Even if you weren’t concerned about costs, implementing your own RAG solution (that is using one of the many described in the research) would be one of the first things I would suggest to anyone looking to elevate their assistant.
This would almost certainly not be a zero-cost solution, but it is probably much cheaper than the current iteration of RAG in assistants (especially if the assistant needs to retrieve data on every call). It’s also a great learning experience as you prove exactly what and how much the models need in context to generate great answers.
I also think it will give you a great deal of understanding into your data and how is actually being used which may lead you to insights for ways you can reduce the risk amount of external data you need to have available. E.g. do I need to include this whole 6-page document or can an executive summary encapsulate enough critical data that the model can almost always infer the rest of anything important?
So, yes, I understand it’s terribly disappointing and no doubt frustrating that it’s not the perfect (and inexpensive) turnkey solution you were hoping for.
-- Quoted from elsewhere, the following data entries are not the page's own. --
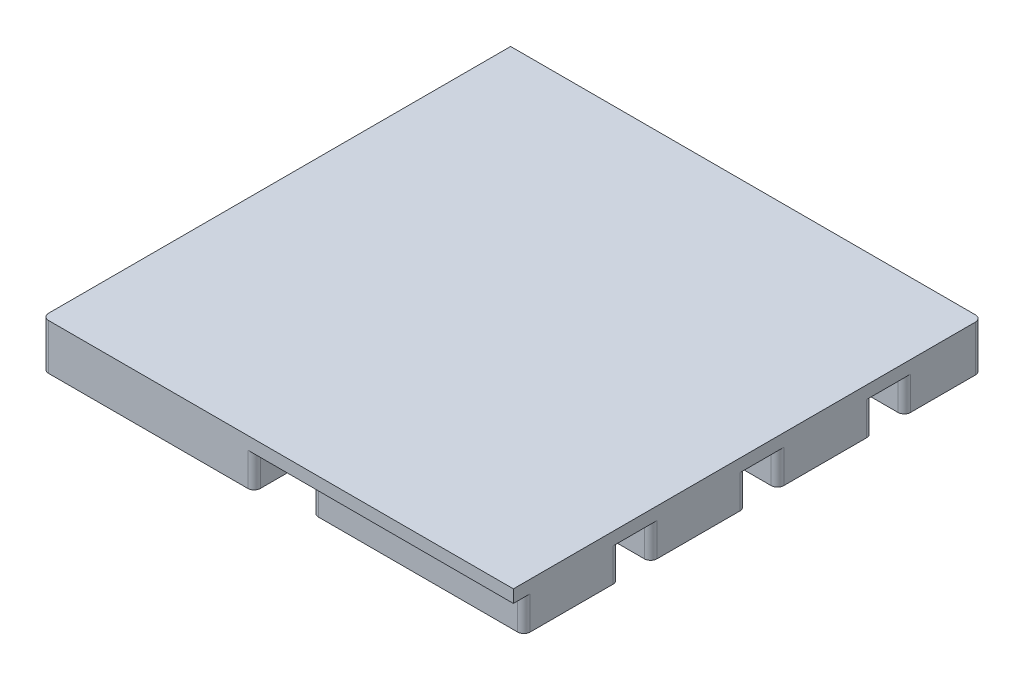
from build123d import *

# Parameters (mm, degrees)
SKETCH2_W           = 149
SKETCH2_H           = 148.13
BOSS_EXTRUDE1_DEPTH = 4
SKETCH3_W           = 67
SKETCH3_H           = 24.5
SKETCH3_H_2         = 30.2
SKETCH3_H_3         = 30.1967
BOSS_EXTRUDE3_DEPTH = 14.5
FILLET1_R           = 2


with BuildPart() as part:
    # Sketch2 → Boss-Extrude1 (new body)
    with BuildSketch(Plane(origin=(0, 0, 0), x_dir=(1, 0, 0), z_dir=(0, 1, 0))):
        with Locations((74.5, 74.065)):
            Rectangle(SKETCH2_W, SKETCH2_H)
    extrude(amount=BOSS_EXTRUDE1_DEPTH)

    # Sketch3 → Boss-Extrude3 (add)
    # profile 1 of 8: a face of its own
    with BuildSketch(Plane(origin=(0, 4, 0), x_dir=(1, 0, 0), z_dir=(0, 1, 0))):
        with Locations((115.5, 135.88)):
            Rectangle(SKETCH3_W, SKETCH3_H)
        with BuildLine():
            ThreePointArc((97, 134.63), (94, 137.63), (97, 140.63))
            Line((97, 140.63), (125, 140.63))
            ThreePointArc((125, 140.63), (128, 137.63), (125, 134.63))
            Line((125, 134.63), (97, 134.63))
        make_face(mode=Mode.SUBTRACT)
    # profile 2 of 8: a face of its own
    with BuildSketch(Plane(origin=(0, 4, 0), x_dir=(1, 0, 0), z_dir=(0, 1, 0))):
        with Locations((115.5, 98.63)):
            Rectangle(SKETCH3_W, SKETCH3_H_2)
        with BuildLine():
            ThreePointArc((97, 94.53), (93.4, 98.13), (97, 101.73))
            Line((97, 101.73), (125, 101.73))
            ThreePointArc((125, 101.73), (128.6, 98.13), (125, 94.53))
            Line((125, 94.53), (97, 94.53))
        make_face(mode=Mode.SUBTRACT)
    # profile 3 of 8: a face of its own
    with BuildSketch(Plane(origin=(0, 4, 0), x_dir=(1, 0, 0), z_dir=(0, 1, 0))):
        with Locations((33.5, 132.5467)):
            Rectangle(SKETCH3_W, SKETCH3_H)
        with BuildLine():
            ThreePointArc((13, 131.9467), (10, 134.9467), (13, 137.9467))
            Line((13, 137.9467), (41, 137.9467))
            ThreePointArc((41, 137.9467), (44, 134.9467), (41, 131.9467))
            Line((41, 131.9467), (13, 131.9467))
        make_face(mode=Mode.SUBTRACT)
    # profile 4 of 8: a face of its own
    with BuildSketch(Plane(origin=(0, 4, 0), x_dir=(1, 0, 0), z_dir=(0, 1, 0))):
        with Locations((115.5, 58.53)):
            Rectangle(SKETCH3_W, SKETCH3_H_2)
        with BuildLine():
            ThreePointArc((97, 54.43), (93.4, 58.03), (97, 61.63))
            Line((97, 61.63), (125, 61.63))
            ThreePointArc((125, 61.63), (127.916973873, 57.71237754), (124.3, 54.43))
            Line((124.3, 54.43), (97, 54.43))
        make_face(mode=Mode.SUBTRACT)
    # profile 5 of 8: a face of its own
    with BuildSketch(Plane(origin=(0, 4, 0), x_dir=(1, 0, 0), z_dir=(0, 1, 0))):
        with Locations((33.5, 95.2967)):
            Rectangle(SKETCH3_W, SKETCH3_H_2)
        with BuildLine():
            ThreePointArc((13, 91.1967), (9.4, 94.7967), (13, 98.3967))
            Line((13, 98.3967), (41, 98.3967))
            ThreePointArc((41, 98.3967), (43.916973873, 94.47907754), (40.3, 91.1967))
            Line((40.3, 91.1967), (13, 91.1967))
        make_face(mode=Mode.SUBTRACT)
    # profile 6 of 8: a face of its own
    with BuildSketch(Plane(origin=(0, 4, 0), x_dir=(1, 0, 0), z_dir=(0, 1, 0))):
        with Locations((115.5, 18.43)):
            Rectangle(SKETCH3_W, SKETCH3_H_2)
        with BuildLine():
            ThreePointArc((97, 14.33), (93.4, 17.93), (97, 21.53))
            Line((97, 21.53), (125, 21.53))
            ThreePointArc((125, 21.53), (127.916973873, 17.61237754), (124.3, 14.33))
            Line((124.3, 14.33), (97, 14.33))
        make_face(mode=Mode.SUBTRACT)
    # profile 7 of 8: a face of its own
    with BuildSketch(Plane(origin=(0, 4, 0), x_dir=(1, 0, 0), z_dir=(0, 1, 0))):
        with Locations((33.5, 55.1967)):
            Rectangle(SKETCH3_W, SKETCH3_H_2)
        with BuildLine():
            ThreePointArc((13, 51.0967), (9.4, 54.6967), (13, 58.2967))
            Line((13, 58.2967), (41, 58.2967))
            ThreePointArc((41, 58.2967), (43.916973873, 54.37907754), (40.3, 51.0967))
            Line((40.3, 51.0967), (13, 51.0967))
        make_face(mode=Mode.SUBTRACT)
    # profile 8 of 8: a face of its own
    with BuildSketch(Plane(origin=(0, 4, 0), x_dir=(1, 0, 0), z_dir=(0, 1, 0))):
        with Locations((33.5, 15.09835)):
            Rectangle(SKETCH3_W, SKETCH3_H_3)
        with BuildLine():
            ThreePointArc((13, 10.9967), (9.4, 14.5967), (13, 18.1967))
            Line((13, 18.1967), (41, 18.1967))
            ThreePointArc((41, 18.1967), (43.916973873, 14.27907754), (40.3, 10.9967))
            Line((40.3, 10.9967), (13, 10.9967))
        make_face(mode=Mode.SUBTRACT)
    extrude(amount=-BOSS_EXTRUDE3_DEPTH)

    # Fillet1
    fillet1_edges = [part.edges().sort_by_distance(p)[0] for p in [
        (149, -5.25, -3.33),
        (149, -5.25, -33.53),
        (82, -5.25, -33.53),
        (82, -5.25, -3.33),
        (67, -5.25, 0),
        (0, -3.25, 0),
        (0, -5.25, -30.1967),
        (67, -5.25, -30.1967),
        (67, -5.25, -40.0967),
        (0, -5.25, -40.0967),
        (149, -5.25, -43.43),
        (82, -5.25, -43.43),
        (82, -5.25, -73.63),
        (67, -5.25, -70.2967),
        (0, -5.25, -70.2967),
        (0, -5.25, -80.1967),
        (82, -5.25, -83.53),
        (67, -5.25, -80.1967),
        (0, -5.25, -110.3967),
        (149, -5.25, -83.53),
        (149, -5.25, -73.63),
        (149, -5.25, -113.73),
        (67, -5.25, -110.3967),
        (82, -5.25, -113.73),
        (0, -5.25, -120.2967),
        (67, -5.25, -120.2967),
        (67, -5.25, -144.7967),
        (0, -5.25, -144.7967),
        (82, -5.25, -123.63),
        (149, -5.25, -123.63),
        (149, -3.25, -148.13),
        (82, -5.25, -148.13),
    ]]
    fillet(fillet1_edges, radius=FILLET1_R)


solid = part.part
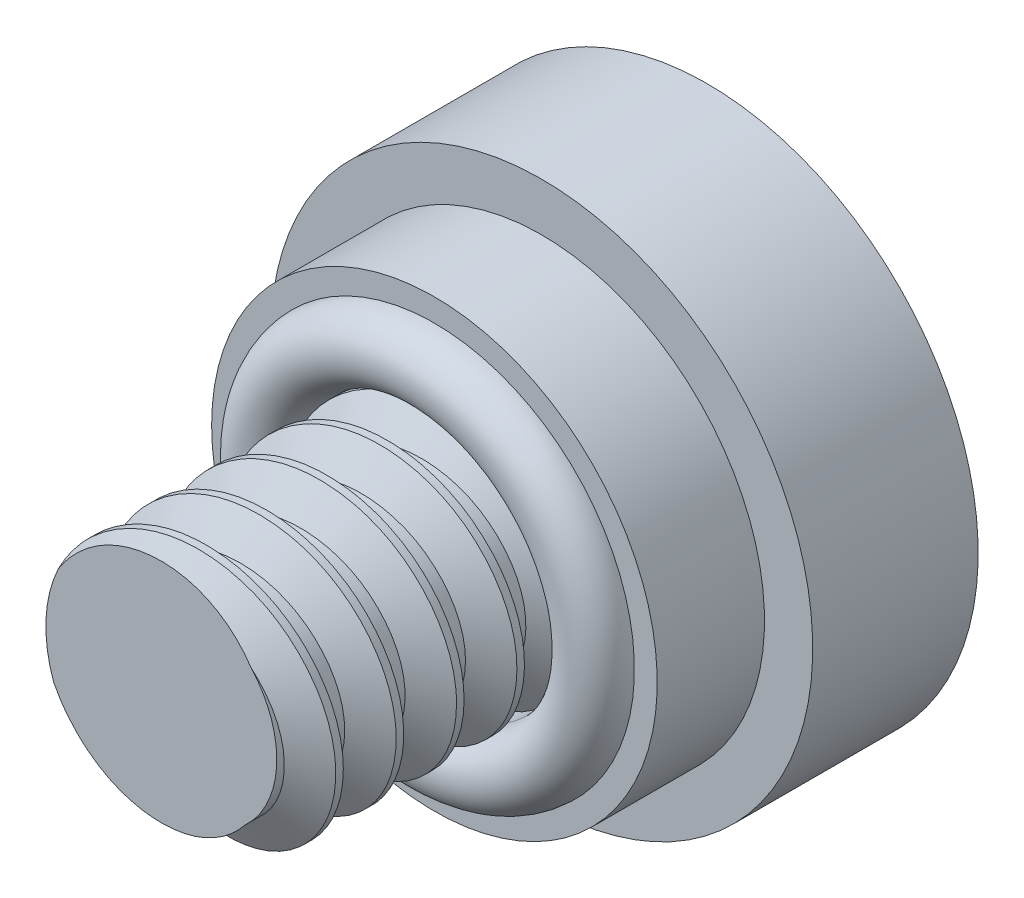
from build123d import *

# Parameters (mm, degrees)
SKETCH1_R           = 2.31
BOSS_EXTRUDE1_DEPTH = 4.5
THREAD1_PITCH       = 1.058333333


with BuildPart() as part:
    # Sketch1 → Boss-Extrude1 (new body)
    with BuildSketch(Plane.XY):
        Circle(SKETCH1_R)
    extrude(amount=BOSS_EXTRUDE1_DEPTH)

    # Sketch2 → Revolve1 (revolve)
    with BuildSketch(Plane(origin=(0, 0, 0), x_dir=(1, 0, 0), z_dir=(0, 1, 0)), mode=Mode.PRIVATE) as revolve1_sk:
        with BuildLine():
            Line((3.505, 0), (3.905, 0))
            Line((3.905, 0), (3.905, 1.88))
            Line((3.905, 1.88), (4.75, 1.88))
            Line((4.75, 1.88), (4.75, 4.78))
            Line((4.75, 4.78), (0.876943086, 4.78))
            Line((0.876943086, 4.78), (0.876943086, 4.68))
            Line((0.876943086, 4.68), (0, 4.68))
            Line((0, 4.68), (0, 0))
            Line((0, 0), (2.31, 0))
            ThreePointArc((2.31, 0), (2.9075, -0.5975), (3.505, 0))
        make_face()
    revolve(revolve1_sk.sketch.rotate(Axis((0, 0, -4.68), (0, 0, 1)), 180), axis=Axis((0, 0, -4.68), (0, 0, 1)))

    # Thread1: the profile of Thread Profile1 profile screwed along a right-hand helix of 5.19685 turns, 8 arcs to a turn; built about Z, then put on its axis
    thread1_z = Axis((0, 0, 0), (0, 0, 1))
    thread1_corners = [(2.3103, 0, -0.000173205), (2.3103, 0, 0.926214869), (1.737160282, 0, 0.595312499), (1.737160282, 0, 0.330729165)]
    with BuildLine(mode=Mode.PRIVATE) as thread1_profile:
        Line(thread1_corners[0], thread1_corners[1])
        Line(thread1_corners[1], thread1_corners[2])
        Line(thread1_corners[2], thread1_corners[3])
        Line(thread1_corners[3], thread1_corners[0])
    thread1_cap = Face(thread1_profile.wire())
    thread1_turn_angles = [0, 22.5, 45, 67.5, 90, 112.5, 135, 157.5, 180, 202.5, 225, 247.5, 270, 292.5, 315, 337.5, 360]
    thread1_turn_weights = [1, 0.9238795325112867, 1, 0.9238795325112867, 1, 0.9238795325112867, 1, 0.9238795325112867, 1, 0.9238795325112867, 1, 0.9238795325112867, 1, 0.9238795325112867, 1, 0.9238795325112867, 1]
    thread1_turn_rails = [Edge.make_bspline([Vector(p[0], p[1], 0).rotate(thread1_z, thread1_turn_angles[k]) / thread1_turn_weights[k] + Vector(0, 0, p[2] + THREAD1_PITCH * thread1_turn_angles[k] / 360) for k in range(17)], [0, 0, 0, 1, 1, 2, 2, 3, 3, 4, 4, 5, 5, 6, 6, 7, 7, 8, 8, 8], 2, thread1_turn_weights) for p in thread1_corners]
    thread1_turn_sides = [Face.make_surface_from_curves(thread1_turn_rails[p[0]], thread1_turn_rails[p[1]]) for p in [(0, 1), (1, 2), (2, 3), (3, 0)]]
    thread1_last_angles = [1800, 1822.5, 1845, 1857.933070866, 1870.866141732]
    thread1_last_weights = [1, 0.9238795325112867, 1, 0.9746321728627872, 1]
    thread1_last_rails = [Edge.make_bspline([Vector(p[0], p[1], 0).rotate(thread1_z, thread1_last_angles[k]) / thread1_last_weights[k] + Vector(0, 0, p[2] + THREAD1_PITCH * thread1_last_angles[k] / 360) for k in range(5)], [0, 0, 0, 1, 1, 2, 2, 2], 2, thread1_last_weights) for p in thread1_corners]
    thread1_last_sides = [Face.make_surface_from_curves(thread1_last_rails[p[0]], thread1_last_rails[p[1]]) for p in [(0, 1), (1, 2), (2, 3), (3, 0)]]
    thread1 = Plane(origin=(0, 0, 5.5), x_dir=(-1, 0, 0), z_dir=(0, 0, -1)) * Solid(Shell([*[p.moved(Location((0, 0, THREAD1_PITCH * i))) for i in range(5) for p in thread1_turn_sides], *thread1_last_sides, thread1_cap, thread1_cap.rotate(thread1_z, 1870.866141732).moved(Location((0, 0, THREAD1_PITCH * 1870.866141732 / 360)))]))
    add(thread1, mode=Mode.SUBTRACT)


solid = part.part

But, if you’re anything like me or many of the others here and you derive great joy and satisfaction from learning and mastering something new, I hope in a short time you’ll see this as a tremendous opportunity to level-up yourself and your product.
Again, I’m sorry there isn’t an easy fix, some setting you just missed, that will bring retrieval costs back down to earth.
I’m excited to see what you do though, and I wish you all the luck in the world!